# de.vu browser problem



## nordi (10. September 2002)

Hi, ich habe ein sehr merkwürdiges Problem. Also, ich kann keine de.vu domains mit meinem IE Internet Explorer öffnen. Es kommt immer die Nachricht "Die Seite kann nicht angezeigt werden"
Vor einer Woche hat es noch problemlos geklappt? Hab auch schon in den IE Interneteinstellungen geguckt, lässt sich aber nix finden!? Wenn ich direkt auf die domain wie zB http://lycos.blablabla gehe, wird die Seite normal angezeigt, aber wenn ich die domain mit de.vu benutze, die mit der lycos domain verknüpft ist, klappt es nicht mehr!?! Und das ist so bei jeder de.vu domain?
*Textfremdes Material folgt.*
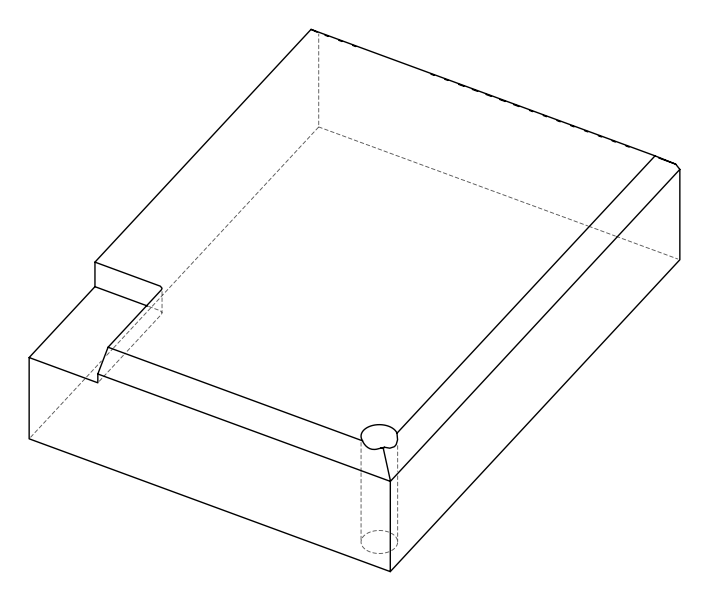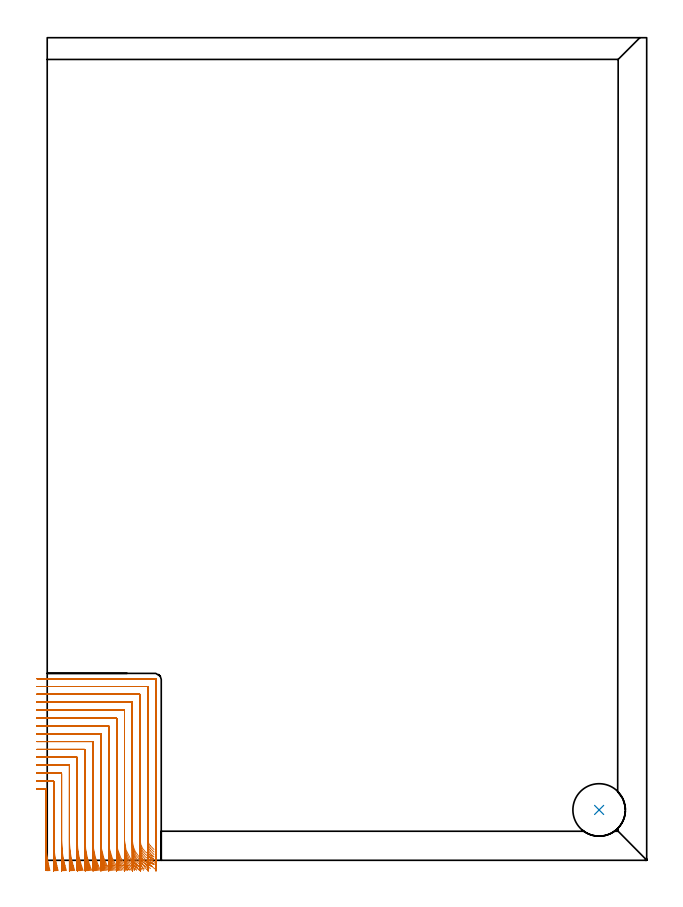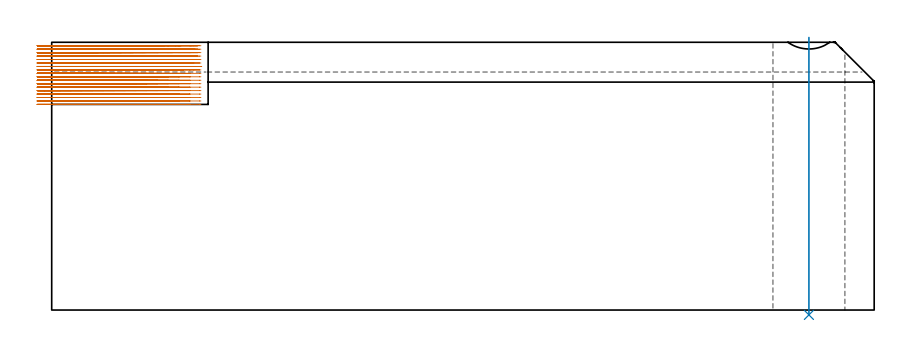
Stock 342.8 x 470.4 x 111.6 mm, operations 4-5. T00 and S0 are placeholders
(PLAN: 5 operations, 2 tool changes, 118.3 min)
(1 AREA_MILL | FG_CHAMFER_SURFACE | UGT0205_001 | 22.17 min | 62477 mm3)
(2 AREA_MILL_1 | FG_CHAMFER_SURFACE_1 | UGT0205_001 | 13.53 min | 25416 mm3)
(3 AREA_MILL_2 | FG_CHAMFER_SURFACE_2 | UGT0205_001 | 13.38 min | 37809 mm3)
(4 MILL_CORNER_NOTCH_RECTANGULAR | CORNER_NOTCH_RECTANGULAR | NXT0201_008 | Follow Part, ap 1.5, ae 75% | 68.75 min | 179422 mm3)
(5 INDEXABLE_INSERT_DRILL_THROUGH_HOLE_FROM_SOLID | STEP1HOLE | NXT0302_031 | 0.46 min | 78684 mm3)
(TOOL UGT0205_001 | Chamfer Mill 20 x 3 x 45 deg. | D20 FL50 Z2)
(TOOL NXT0201_008 | ENDMILL 6mm [2P460-0600-NA 1630] | D6 FL26 Z6)
(TOOL NXT0302_031 | Index. Insert Drill 30mm [880-D3000L32-05] | D30 PA176 FL150 Z2)
(OP 4 MILL_CORNER_NOTCH_RECTANGULAR)
G17 G21 G94 G90
T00 M6
G54
G17 G0 G90 X1.575 Y-5.92 S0 M3
G43 Z121.6 H1
Z110.161
G94 G1 X0.886 Y-3. F250.
G2 X-0.8 Y11.476 R63. F500.
G1 Y40.605
G3 X-1.095 Y40.9 R0.3
G1 X-3.
X-6. F250.
G0 Z121.6
X6.262 Y-5.907
Z110.161
G1 X5.519 Y-3.
G2 X3.7 Y11.476 R58.5 F500.
G1 Y45.104
G3 X3.404 Y45.4 R0.3
G1 X-3.
X-6. F250.
G0 Z121.6
X10.981 Y-5.89
Z110.161
G1 X10.177 Y-3.
G2 X8.2 Y11.476 R54. F500.
G1 Y49.604
G3 X7.904 Y49.9 R0.3
G1 X-3.
X-6. F250.
G0 Z121.6
X15.742 Y-5.869
Z110.161
G1 X14.864 Y-3.
G2 X12.7 Y11.476 R49.5 F500.
G1 Y54.104
G3 X12.404 Y54.4 R0.3
G1 X-3.
X-6. F250.
G0 Z121.6
X20.557 Y-5.841
Z110.161
G1 X19.592 Y-3.
G2 X17.2 Y11.476 R45. F500.
G1 Y58.604
G3 X16.904 Y58.9 R0.3
G1 X-3.
X-6. F250.
G0 Z121.6
X25.448 Y-5.802
Z110.161
G1 X24.376 Y-3.
G2 X21.7 Y11.476 R40.5 F500.
G1 Y63.104
G3 X21.404 Y63.4 R0.3
G1 X-3.
X-6. F250.
G0 Z121.6
X30.445 Y-5.747
Z110.161
G1 X29.239 Y-3.
G2 X26.2 Y11.476 R36. F500.
G1 Y67.604
G3 X25.904 Y67.9 R0.3
G1 X-3.
X-6. F250.
G0 Z121.6
X35.602 Y-5.664
Z110.161
G1 X34.224 Y-3.
G2 X30.7 Y11.476 R31.5 F500.
G1 Y72.103
G3 X30.403 Y72.4 R0.3
G1 X-3.
X-6. F250.
G0 Z121.6
X41.017 Y-5.532
Z110.161
G1 X39.409 Y-3.
G2 X35.2 Y11.476 R27. F500.
G1 Y76.603
G3 X34.903 Y76.9 R0.3
G1 X-3.
X-6. F250.
G0 Z121.6
X46.906 Y-5.297
Z110.161
G1 X44.976 Y-3.
G2 X39.7 Y11.476 R22.5 F500.
G1 Y81.103
G3 X39.403 Y81.4 R0.3
G1 X-3.
X-6. F250.
G0 Z121.6
X53.915 Y-4.783
Z110.161
G1 X51.503 Y-3.
G2 X44.2 Y11.476 R18. F500.
G1 Y85.603
G3 X43.903 Y85.9 R0.3
G1 X-3.
X-6. F250.
G0 Z121.6
X60.738 Y-2.275
Z110.161
G1 X57.895 Y-1.319
G2 X48.7 Y11.476 R13.5 F500.
G1 Y90.103
G3 X48.403 Y90.4 R0.3
G1 X-3.
X-6. F250.
G0 Z121.6
X60.887 Y2.081
Z110.161
G1 X58.2 Y3.414
G2 X53.2 Y11.476 R9. F500.
G1 Y94.603
G3 X52.903 Y94.9 R0.3
G1 X-3.
X-6. F250.
G0 Z121.6
X61.053 Y6.191
Z110.161
G1 X58.967 Y8.347
G2 X57.7 Y11.476 R4.5 F500.
G1 Y99.103
G3 X57.403 Y99.4 R0.3
G1 X-3.
X-6. F250.
G0 Z121.6
X62.2 Y8.476
Z110.161
G1 Y11.476
Y103.3 F500.
G3 X61.6 Y103.9 R0.6
G1 X-3.
X-6. F250.
G0 Z121.6
X1.185 Y-5.935
Z108.722
G1 X0.564 Y-3.
G2 X-0.8 Y10.038 R63. F500.
G1 Y40.605
G3 X-1.095 Y40.9 R0.3
G1 X-3.
X-6. F250.
G0 Z121.6
X5.84 Y-5.925
Z108.722
G1 X5.171 Y-3.
G2 X3.7 Y10.038 R58.5 F500.
G1 Y45.104
G3 X3.404 Y45.4 R0.3
G1 X-3.
X-6. F250.
G0 Z121.6
X10.522 Y-5.911
Z108.722
G1 X9.798 Y-3.
G2 X8.2 Y10.038 R54. F500.
G1 Y49.604
G3 X7.904 Y49.9 R0.3
G1 X-3.
X-6. F250.
G0 Z121.6
X15.238 Y-5.894
Z108.722
G1 X14.448 Y-3.
G2 X12.7 Y10.038 R49.5 F500.
G1 Y54.104
G3 X12.404 Y54.4 R0.3
G1 X-3.
X-6. F250.
G0 Z121.6
X19.999 Y-5.871
Z108.722
G1 X19.13 Y-3.
G2 X17.2 Y10.038 R45. F500.
G1 Y58.604
G3 X16.904 Y58.9 R0.3
G1 X-3.
X-6. F250.
G0 Z121.6
X24.822 Y-5.84
Z108.722
G1 X23.856 Y-3.
G2 X21.7 Y10.038 R40.5 F500.
G1 Y63.104
G3 X21.404 Y63.4 R0.3
G1 X-3.
X-6. F250.
G0 Z121.6
X29.73 Y-5.796
Z108.722
G1 X28.644 Y-3.
G2 X26.2 Y10.038 R36. F500.
G1 Y67.604
G3 X25.904 Y67.9 R0.3
G1 X-3.
X-6. F250.
G0 Z121.6
X34.767 Y-5.731
Z108.722
G1 X33.525 Y-3.
G2 X30.7 Y10.038 R31.5 F500.
G1 Y72.103
G3 X30.403 Y72.4 R0.3
G1 X-3.
X-6. F250.
G0 Z121.6
X40.005 Y-5.627
Z108.722
G1 X38.557 Y-3.
G2 X35.2 Y10.038 R27. F500.
G1 Y76.603
G3 X34.903 Y76.9 R0.3
G1 X-3.
X-6. F250.
G0 Z121.6
X45.601 Y-5.445
Z108.722
G1 X43.863 Y-3.
G2 X39.7 Y10.038 R22.5 F500.
G1 Y81.103
G3 X39.403 Y81.4 R0.3
G1 X-3.
X-6. F250.
G0 Z121.6
X51.963 Y-5.068
Z108.722
G1 X49.79 Y-3.
G2 X44.2 Y10.038 R18. F500.
G1 Y85.603
G3 X43.903 Y85.9 R0.3
G1 X-3.
X-6. F250.
G0 Z121.6
X59.749 Y-3.573
Z108.722
G1 X56.982 Y-2.413
G2 X48.7 Y10.038 R13.5 F500.
G1 Y90.103
G3 X48.403 Y90.4 R0.3
G1 X-3.
X-6. F250.
G0 Z121.6
X60.887 Y0.642
Z108.722
G1 X58.2 Y1.976
G2 X53.2 Y10.038 R9. F500.
G1 Y94.603
G3 X52.903 Y94.9 R0.3
G1 X-3.
X-6. F250.
G0 Z121.6
X61.054 Y4.753
Z108.722
G1 X58.967 Y6.908
G2 X57.7 Y10.038 R4.5 F500.
G1 Y99.103
G3 X57.403 Y99.4 R0.3
G1 X-3.
X-6. F250.
G0 Z121.6
X62.2 Y7.038
Z108.722
G1 Y10.038
Y103.3 F500.
G3 X61.6 Y103.9 R0.6
G1 X-3.
X-6. F250.
G0 Z121.6
X0.829 Y-5.949
Z107.283
G1 X0.277 Y-3.
G2 X-0.8 Y8.598 R63. F500.
G1 Y40.605
G3 X-1.095 Y40.9 R0.3
G1 X-3.
X-6. F250.
G0 Z121.6
X5.456 Y-5.94
Z107.283
G1 X4.861 Y-3.
G2 X3.7 Y8.598 R58.5 F500.
G1 Y45.104
G3 X3.404 Y45.4 R0.3
G1 X-3.
X-6. F250.
G0 Z121.6
X10.105 Y-5.93
Z107.283
G1 X9.46 Y-3.
G2 X8.2 Y8.598 R54. F500.
G1 Y49.604
G3 X7.904 Y49.9 R0.3
G1 X-3.
X-6. F250.
G0 Z121.6
X14.781 Y-5.916
Z107.283
G1 X14.078 Y-3.
G2 X12.7 Y8.598 R49.5 F500.
G1 Y54.104
G3 X12.404 Y54.4 R0.3
G1 X-3.
X-6. F250.
G0 Z121.6
X19.493 Y-5.899
Z107.283
G1 X18.72 Y-3.
G2 X17.2 Y8.598 R45. F500.
G1 Y58.604
G3 X16.904 Y58.9 R0.3
G1 X-3.
X-6. F250.
G0 Z121.6
X24.255 Y-5.874
Z107.283
G1 X23.396 Y-3.
G2 X21.7 Y8.598 R40.5 F500.
G1 Y63.104
G3 X21.404 Y63.4 R0.3
G1 X-3.
X-6. F250.
G0 Z121.6
X29.086 Y-5.84
Z107.283
G1 X28.119 Y-3.
G2 X26.2 Y8.598 R36. F500.
G1 Y67.604
G3 X25.904 Y67.9 R0.3
G1 X-3.
X-6. F250.
G0 Z121.6
X34.017 Y-5.789
Z107.283
G1 X32.913 Y-3.
G2 X30.7 Y8.598 R31.5 F500.
G1 Y72.103
G3 X30.403 Y72.4 R0.3
G1 X-3.
X-6. F250.
G0 Z121.6
X39.107 Y-5.709
Z107.283
G1 X37.818 Y-3.
G2 X35.2 Y8.598 R27. F500.
G1 Y76.603
G3 X34.903 Y76.9 R0.3
G1 X-3.
X-6. F250.
G0 Z121.6
X44.466 Y-5.571
Z107.283
G1 X42.92 Y-3.
G2 X39.7 Y8.598 R22.5 F500.
G1 Y81.103
G3 X39.403 Y81.4 R0.3
G1 X-3.
X-6. F250.
G0 Z121.6
X50.368 Y-5.294
Z107.283
G1 X48.435 Y-3.
G2 X44.2 Y8.598 R18. F500.
G1 Y85.603
G3 X43.903 Y85.9 R0.3
G1 X-3.
X-6. F250.
G0 Z121.6
X57.866 Y-4.535
Z107.283
G1 X55.289 Y-2.999
G2 X48.7 Y8.598 R13.5 F500.
G1 Y90.103
G3 X48.403 Y90.4 R0.3
G1 X-3.
X-6. F250.
G0 Z121.6
X60.887 Y-0.798
Z107.283
G1 X58.2 Y0.536
G2 X53.2 Y8.598 R9. F500.
G1 Y94.603
G3 X52.903 Y94.9 R0.3
G1 X-3.
X-6. F250.
G0 Z121.6
X61.053 Y3.313
Z107.283
G1 X58.967 Y5.468
G2 X57.7 Y8.598 R4.5 F500.
G1 Y99.103
G3 X57.403 Y99.4 R0.3
G1 X-3.
X-6. F250.
G0 Z121.6
X62.2 Y5.598
Z107.283
G1 Y8.598
Y103.3 F500.
G3 X61.6 Y103.9 R0.6
G1 X-3.
X-6. F250.
G0 Z121.6
X0.508 Y-5.961
Z105.844
G1 X0.025 Y-3.
G2 X-0.8 Y7.16 R63. F500.
G1 Y40.605
G3 X-1.095 Y40.9 R0.3
G1 X-3.
X-6. F250.
G0 Z121.6
X5.11 Y-5.954
Z105.844
G1 X4.589 Y-3.
G2 X3.7 Y7.16 R58.5 F500.
G1 Y45.104
G3 X3.404 Y45.4 R0.3
G1 X-3.
X-6. F250.
G0 Z121.6
X9.729 Y-5.946
Z105.844
G1 X9.164 Y-3.
G2 X8.2 Y7.16 R54. F500.
G1 Y49.604
G3 X7.904 Y49.9 R0.3
G1 X-3.
X-6. F250.
G0 Z121.6
X14.37 Y-5.936
Z105.844
G1 X13.754 Y-3.
G2 X12.7 Y7.16 R49.5 F500.
G1 Y54.104
G3 X12.404 Y54.4 R0.3
G1 X-3.
X-6. F250.
G0 Z121.6
X19.039 Y-5.923
Z105.844
G1 X18.362 Y-3.
G2 X17.2 Y7.16 R45. F500.
G1 Y58.604
G3 X16.904 Y58.9 R0.3
G1 X-3.
X-6. F250.
G0 Z121.6
X23.748 Y-5.904
Z105.844
G1 X22.995 Y-3.
G2 X21.7 Y7.16 R40.5 F500.
G1 Y63.104
G3 X21.404 Y63.4 R0.3
G1 X-3.
X-6. F250.
G0 Z121.6
X28.51 Y-5.878
Z105.844
G1 X27.663 Y-3.
G2 X26.2 Y7.16 R36. F500.
G1 Y67.604
G3 X25.904 Y67.9 R0.3
G1 X-3.
X-6. F250.
G0 Z121.6
X33.351 Y-5.84
Z105.844
G1 X32.383 Y-3.
G2 X30.7 Y7.16 R31.5 F500.
G1 Y72.103
G3 X30.404 Y72.4 R0.3
G1 X-3.
X-6. F250.
G0 Z121.6
X38.313 Y-5.78
Z105.844
G1 X37.184 Y-3.
G2 X35.2 Y7.16 R27. F500.
G1 Y76.603
G3 X34.903 Y76.9 R0.3
G1 X-3.
X-6. F250.
G0 Z121.6
X43.479 Y-5.677
Z105.844
G1 X42.124 Y-3.
G2 X39.7 Y7.16 R22.5 F500.
G1 Y81.103
G3 X39.403 Y81.4 R0.3
G1 X-3.
X-6. F250.
G0 Z121.6
X49.034 Y-5.476
Z105.844
G1 X47.341 Y-3.
G2 X44.2 Y7.16 R18. F500.
G1 Y85.603
G3 X43.903 Y85.9 R0.3
G1 X-3.
X-6. F250.
G0 Z121.6
X55.568 Y-4.976
Z105.844
G1 X53.31 Y-3.
G2 X48.7 Y7.16 R13.5 F500.
G1 Y90.103
G3 X48.403 Y90.4 R0.3
G1 X-3.
X-6. F250.
G0 Z121.6
X60.747 Y-2.215
Z105.844
G1 X58.079 Y-0.842
G2 X53.2 Y7.16 R9. F500.
G1 Y94.603
G3 X52.903 Y94.9 R0.3
G1 X-3.
X-6. F250.
G0 Z121.6
X61.053 Y1.874
Z105.844
G1 X58.967 Y4.03
G2 X57.7 Y7.16 R4.5 F500.
G1 Y99.103
G3 X57.403 Y99.4 R0.3
G1 X-3.
X-6. F250.
G0 Z121.6
X62.2 Y4.16
Z105.844
G1 Y7.16
Y103.3 F500.
G3 X61.6 Y103.9 R0.6
G1 X-3.
X-6. F250.
G0 Z121.6
X0.221 Y-5.965
Z104.405
G1 X-0.194 Y-2.994
G2 X-0.8 Y5.72 R63. F500.
G1 Y40.605
G3 X-1.095 Y40.9 R0.3
G1 X-3.
X-6. F250.
G0 Z121.6
X4.801 Y-5.966
Z104.405
G1 X4.354 Y-3.
G2 X3.7 Y5.72 R58.5 F500.
G1 Y45.104
G3 X3.404 Y45.4 R0.3
G1 X-3.
X-6. F250.
G0 Z121.6
X9.393 Y-5.961
Z104.405
G1 X8.909 Y-3.
G2 X8.2 Y5.72 R54. F500.
G1 Y49.604
G3 X7.904 Y49.9 R0.3
G1 X-3.
X-6. F250.
G0 Z121.6
X14.003 Y-5.953
Z104.405
G1 X13.474 Y-3.
G2 X12.7 Y5.72 R49.5 F500.
G1 Y54.104
G3 X12.404 Y54.4 R0.3
G1 X-3.
X-6. F250.
G0 Z121.6
X18.634 Y-5.943
Z104.405
G1 X18.053 Y-3.
G2 X17.2 Y5.72 R45. F500.
G1 Y58.604
G3 X16.904 Y58.9 R0.3
G1 X-3.
X-6. F250.
G0 Z121.6
X23.296 Y-5.93
Z104.405
G1 X22.65 Y-3.
G2 X21.7 Y5.72 R40.5 F500.
G1 Y63.104
G3 X21.404 Y63.4 R0.3
G1 X-3.
X-6. F250.
G0 Z121.6
X27.999 Y-5.911
Z104.405
G1 X27.272 Y-3.
G2 X26.2 Y5.72 R36. F500.
G1 Y67.604
G3 X25.904 Y67.9 R0.3
G1 X-3.
X-6. F250.
G0 Z121.6
X32.762 Y-5.883
Z104.405
G1 X31.931 Y-3.
G2 X30.7 Y5.72 R31.5 F500.
G1 Y72.104
G3 X30.404 Y72.4 R0.3
G1 X-3.
X-6. F250.
G0 Z121.6
X37.616 Y-5.839
Z104.405
G1 X36.647 Y-3.
G2 X35.2 Y5.72 R27. F500.
G1 Y76.603
G3 X34.903 Y76.9 R0.3
G1 X-3.
X-6. F250.
G0 Z121.6
X42.621 Y-5.766
Z104.405
G1 X41.459 Y-3.
G2 X39.7 Y5.72 R22.5 F500.
G1 Y81.103
G3 X39.403 Y81.4 R0.3
G1 X-3.
X-6. F250.
G0 Z121.6
X47.907 Y-5.624
Z104.405
G1 X46.453 Y-3.
G2 X44.2 Y5.72 R18. F500.
G1 Y85.603
G3 X43.903 Y85.9 R0.3
G1 X-3.
X-6. F250.
G0 Z121.6
X53.832 Y-5.29
Z104.405
G1 X51.894 Y-3.
G2 X48.7 Y5.72 R13.5 F500.
G1 Y90.103
G3 X48.403 Y90.4 R0.3
G1 X-3.
X-6. F250.
G0 Z121.6
X60.034 Y-3.516
Z104.405
G1 X57.479 Y-1.942
G2 X53.2 Y5.72 R9. F500.
G1 Y94.603
G3 X52.903 Y94.9 R0.3
G1 X-3.
X-6. F250.
G0 Z121.6
X61.057 Y0.434
Z104.405
G1 X58.969 Y2.588
G2 X57.7 Y5.72 R4.5 F500.
G1 Y99.103
G3 X57.403 Y99.4 R0.3
G1 X-3.
X-6. F250.
G0 Z121.6
X62.2 Y2.72
Z104.405
G1 Y5.72
Y103.3 F500.
G3 X61.6 Y103.9 R0.6
G1 X-3.
X-6. F250.
G0 Z121.6
X-0.045 Y-5.955
Z102.967
G1 X-0.388 Y-2.975
G2 X-0.8 Y4.22 R63. F500.
G1 Y40.605
G3 X-1.095 Y40.9 R0.3
G1 X-3.
X-6. F250.
G0 Z121.6
X4.518 Y-5.977
Z102.967
G1 X4.147 Y-3.
G2 X3.7 Y4.22 R58.5 F500.
G1 Y45.104
G3 X3.404 Y45.4 R0.3
G1 X-3.
X-6. F250.
G0 Z121.6
X9.086 Y-5.973
Z102.967
G1 X8.685 Y-3.
G2 X8.2 Y4.22 R54. F500.
G1 Y49.604
G3 X7.904 Y49.9 R0.3
G1 X-3.
X-6. F250.
G0 Z121.6
X13.667 Y-5.968
Z102.967
G1 X13.229 Y-3.
G2 X12.7 Y4.22 R49.5 F500.
G1 Y54.104
G3 X12.404 Y54.4 R0.3
G1 X-3.
X-6. F250.
G0 Z121.6
X18.264 Y-5.961
Z102.967
G1 X17.783 Y-3.
G2 X17.2 Y4.22 R45. F500.
G1 Y58.604
G3 X16.904 Y58.9 R0.3
G1 X-3.
X-6. F250.
G0 Z121.6
X22.884 Y-5.952
Z102.967
G1 X22.349 Y-3.
G2 X21.7 Y4.22 R40.5 F500.
G1 Y63.104
G3 X21.404 Y63.4 R0.3
G1 X-3.
X-6. F250.
G0 Z121.6
X27.533 Y-5.939
Z102.967
G1 X26.932 Y-3.
G2 X26.2 Y4.22 R36. F500.
G1 Y67.604
G3 X25.904 Y67.9 R0.3
G1 X-3.
X-6. F250.
G0 Z121.6
X32.226 Y-5.92
Z102.967
G1 X31.539 Y-3.
G2 X30.7 Y4.22 R31.5 F500.
G1 Y72.104
G3 X30.404 Y72.4 R0.3
G1 X-3.
X-6. F250.
G0 Z121.6
X36.986 Y-5.891
Z102.967
G1 X36.183 Y-3.
G2 X35.2 Y4.22 R27. F500.
G1 Y76.603
G3 X34.903 Y76.9 R0.3
G1 X-3.
X-6. F250.
G0 Z121.6
X41.853 Y-5.841
Z102.967
G1 X40.89 Y-3.
G2 X39.7 Y4.22 R22.5 F500.
G1 Y81.103
G3 X39.403 Y81.4 R0.3
G1 X-3.
X-6. F250.
G0 Z121.6
X46.915 Y-5.748
Z102.967
G1 X45.712 Y-3.
G2 X44.2 Y4.22 R18. F500.
G1 Y85.603
G3 X43.903 Y85.9 R0.3
G1 X-3.
X-6. F250.
G0 Z121.6
X52.398 Y-5.535
Z102.967
G1 X50.793 Y-3.
G2 X48.7 Y4.22 R13.5 F500.
G1 Y90.103
G3 X48.403 Y90.4 R0.3
G1 X-3.
X-6. F250.
G0 Z121.6
X59.037 Y-4.724
Z102.967
G1 X56.67 Y-2.88
G2 X53.2 Y4.22 R9. F500.
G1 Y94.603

Woran kann das liegen????

grüße aus Köln

Marius


----------



## schwarzfahrer (9. April 2003)

ich glaube nicht das sich dein browser weigert d e . vu domains anzuzeigen, obwohl du bestimmt nicht viel verpasst  ich sage dir das problem entsteht wenn der d e . vu server spinnt.


----------



## nordi (9. April 2003)

ahja...danke für die interessante antwort, aus der man viel erkennen kann!


----------



## Thomas Lindner (9. April 2003)

ersetze die ****** durch d e . vu, dann ist die Antwort klar...


----------



## Sebastianus (10. April 2003)

Noch ne Lösung, wen eine Seite sich mal nicht öffnen lässt! Erst mal auf aktualisieren klicken, und wenn das nicht geht, die Temporären Internet Dateien löschen - es kann schonmal passiere, dass eine Seite feherlhaft geladen wir dund sich so festsetzt, dass auch aktualisieren nicht hilft!!!


----------